Il s’agissait d’un Modèle B de chez Porf & Co®, le célèbre industriel nain. Le modèle le plus courant. B comme boule, sans doute, car le véhicule vert sombre évoquait une citrouille pas mûre montée sur quatre larges roues de bois cerclées de fer, avec au cul un moteur conique tout en cuivre et de cuir lacé. Une courte et étroite cheminée pointait vers le ciel, crachant par bouffées, moderne oriflamme, une fine fumée blanche.

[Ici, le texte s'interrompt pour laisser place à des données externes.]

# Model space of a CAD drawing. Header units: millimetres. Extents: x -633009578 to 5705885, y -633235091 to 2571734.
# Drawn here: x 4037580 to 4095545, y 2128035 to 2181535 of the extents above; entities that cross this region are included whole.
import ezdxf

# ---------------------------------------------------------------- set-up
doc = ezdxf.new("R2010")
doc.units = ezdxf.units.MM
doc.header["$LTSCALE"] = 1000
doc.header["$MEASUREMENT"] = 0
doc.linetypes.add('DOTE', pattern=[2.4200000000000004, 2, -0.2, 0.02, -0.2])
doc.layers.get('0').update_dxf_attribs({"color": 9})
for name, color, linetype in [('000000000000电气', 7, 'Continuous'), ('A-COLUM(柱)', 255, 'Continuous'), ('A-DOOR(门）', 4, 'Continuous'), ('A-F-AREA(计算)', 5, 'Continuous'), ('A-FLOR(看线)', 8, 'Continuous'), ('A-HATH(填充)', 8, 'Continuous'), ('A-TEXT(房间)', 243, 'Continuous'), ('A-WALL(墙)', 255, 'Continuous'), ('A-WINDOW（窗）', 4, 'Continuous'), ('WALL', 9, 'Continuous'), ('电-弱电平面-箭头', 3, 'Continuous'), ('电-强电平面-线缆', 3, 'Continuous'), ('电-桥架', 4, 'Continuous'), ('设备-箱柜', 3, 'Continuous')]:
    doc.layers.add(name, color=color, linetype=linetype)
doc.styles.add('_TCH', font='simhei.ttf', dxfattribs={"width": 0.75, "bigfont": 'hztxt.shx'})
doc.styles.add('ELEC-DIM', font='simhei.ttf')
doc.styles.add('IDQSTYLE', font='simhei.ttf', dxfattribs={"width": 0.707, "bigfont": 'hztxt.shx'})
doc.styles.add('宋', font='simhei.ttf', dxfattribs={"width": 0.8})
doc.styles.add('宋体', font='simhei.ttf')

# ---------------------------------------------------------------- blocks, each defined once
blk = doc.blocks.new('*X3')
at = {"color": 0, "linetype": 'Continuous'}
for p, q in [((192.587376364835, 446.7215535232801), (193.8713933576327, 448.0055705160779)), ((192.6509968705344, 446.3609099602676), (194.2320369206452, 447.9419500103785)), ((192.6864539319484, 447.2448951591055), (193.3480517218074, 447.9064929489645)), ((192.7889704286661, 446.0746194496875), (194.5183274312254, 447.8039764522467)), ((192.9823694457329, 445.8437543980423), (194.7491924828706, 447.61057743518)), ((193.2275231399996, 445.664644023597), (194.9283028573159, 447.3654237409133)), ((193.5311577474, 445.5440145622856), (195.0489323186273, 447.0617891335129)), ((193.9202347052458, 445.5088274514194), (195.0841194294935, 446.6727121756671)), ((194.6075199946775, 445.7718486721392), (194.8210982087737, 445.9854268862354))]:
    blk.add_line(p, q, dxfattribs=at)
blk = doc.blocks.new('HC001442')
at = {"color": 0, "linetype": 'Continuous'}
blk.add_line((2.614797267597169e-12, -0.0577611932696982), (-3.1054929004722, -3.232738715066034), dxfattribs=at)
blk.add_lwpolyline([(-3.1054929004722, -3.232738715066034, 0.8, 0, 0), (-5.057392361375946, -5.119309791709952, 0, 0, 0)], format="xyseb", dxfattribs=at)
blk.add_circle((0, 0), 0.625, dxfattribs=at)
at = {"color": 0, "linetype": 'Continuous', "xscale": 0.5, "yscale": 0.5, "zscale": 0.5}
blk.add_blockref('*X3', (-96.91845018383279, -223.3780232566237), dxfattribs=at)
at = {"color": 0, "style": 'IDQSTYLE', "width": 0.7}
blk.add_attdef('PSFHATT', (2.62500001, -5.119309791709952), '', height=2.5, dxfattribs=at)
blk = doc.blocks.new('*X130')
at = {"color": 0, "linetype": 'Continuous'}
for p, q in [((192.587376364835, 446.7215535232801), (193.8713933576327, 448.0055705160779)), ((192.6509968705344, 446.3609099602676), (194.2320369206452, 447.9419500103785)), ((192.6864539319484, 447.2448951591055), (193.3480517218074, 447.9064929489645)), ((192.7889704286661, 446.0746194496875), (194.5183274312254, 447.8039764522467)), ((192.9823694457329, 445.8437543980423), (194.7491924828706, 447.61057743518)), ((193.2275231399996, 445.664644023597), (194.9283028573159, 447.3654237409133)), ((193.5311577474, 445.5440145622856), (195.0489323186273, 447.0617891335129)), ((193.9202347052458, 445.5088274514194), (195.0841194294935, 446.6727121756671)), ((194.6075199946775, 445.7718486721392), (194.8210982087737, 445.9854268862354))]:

L’habitacle, coupole de verre, était une bulle spacieuse où un quatuor de jeunes gens bien mis riaient aux éclats dans les cahots.
      
Ainsi, dès mes premiers pas, mes yeux n’ont pas cessé de s’écarquiller devant la fantaisie du décor, et de ses habitants ; nains, farfadets, gobelins, orques, Leprechauns, mais aussi humains je vous rassure, sans quoi je n’aurais pas pu me fondre dans la foule ;)
Bon, vous voyez l’idée ? Toute une mixité savamment orchestrée et sacrément pittoresque, croyez-moi !
Je vous passe les détails de mon aventure, à vous d’avoir le plaisir de la découvrir ! Sachez seulement qu’elle ne fut pas de tout repos puisque d’entrée je me suis retrouvée témoin d’un attentat qui n’était malheureusement pas le premier semble-t-il, me propulsant avec beaucoup d’impatience, au sein de l’enquête de nos deux compères pris dans la tourmente eux aussi.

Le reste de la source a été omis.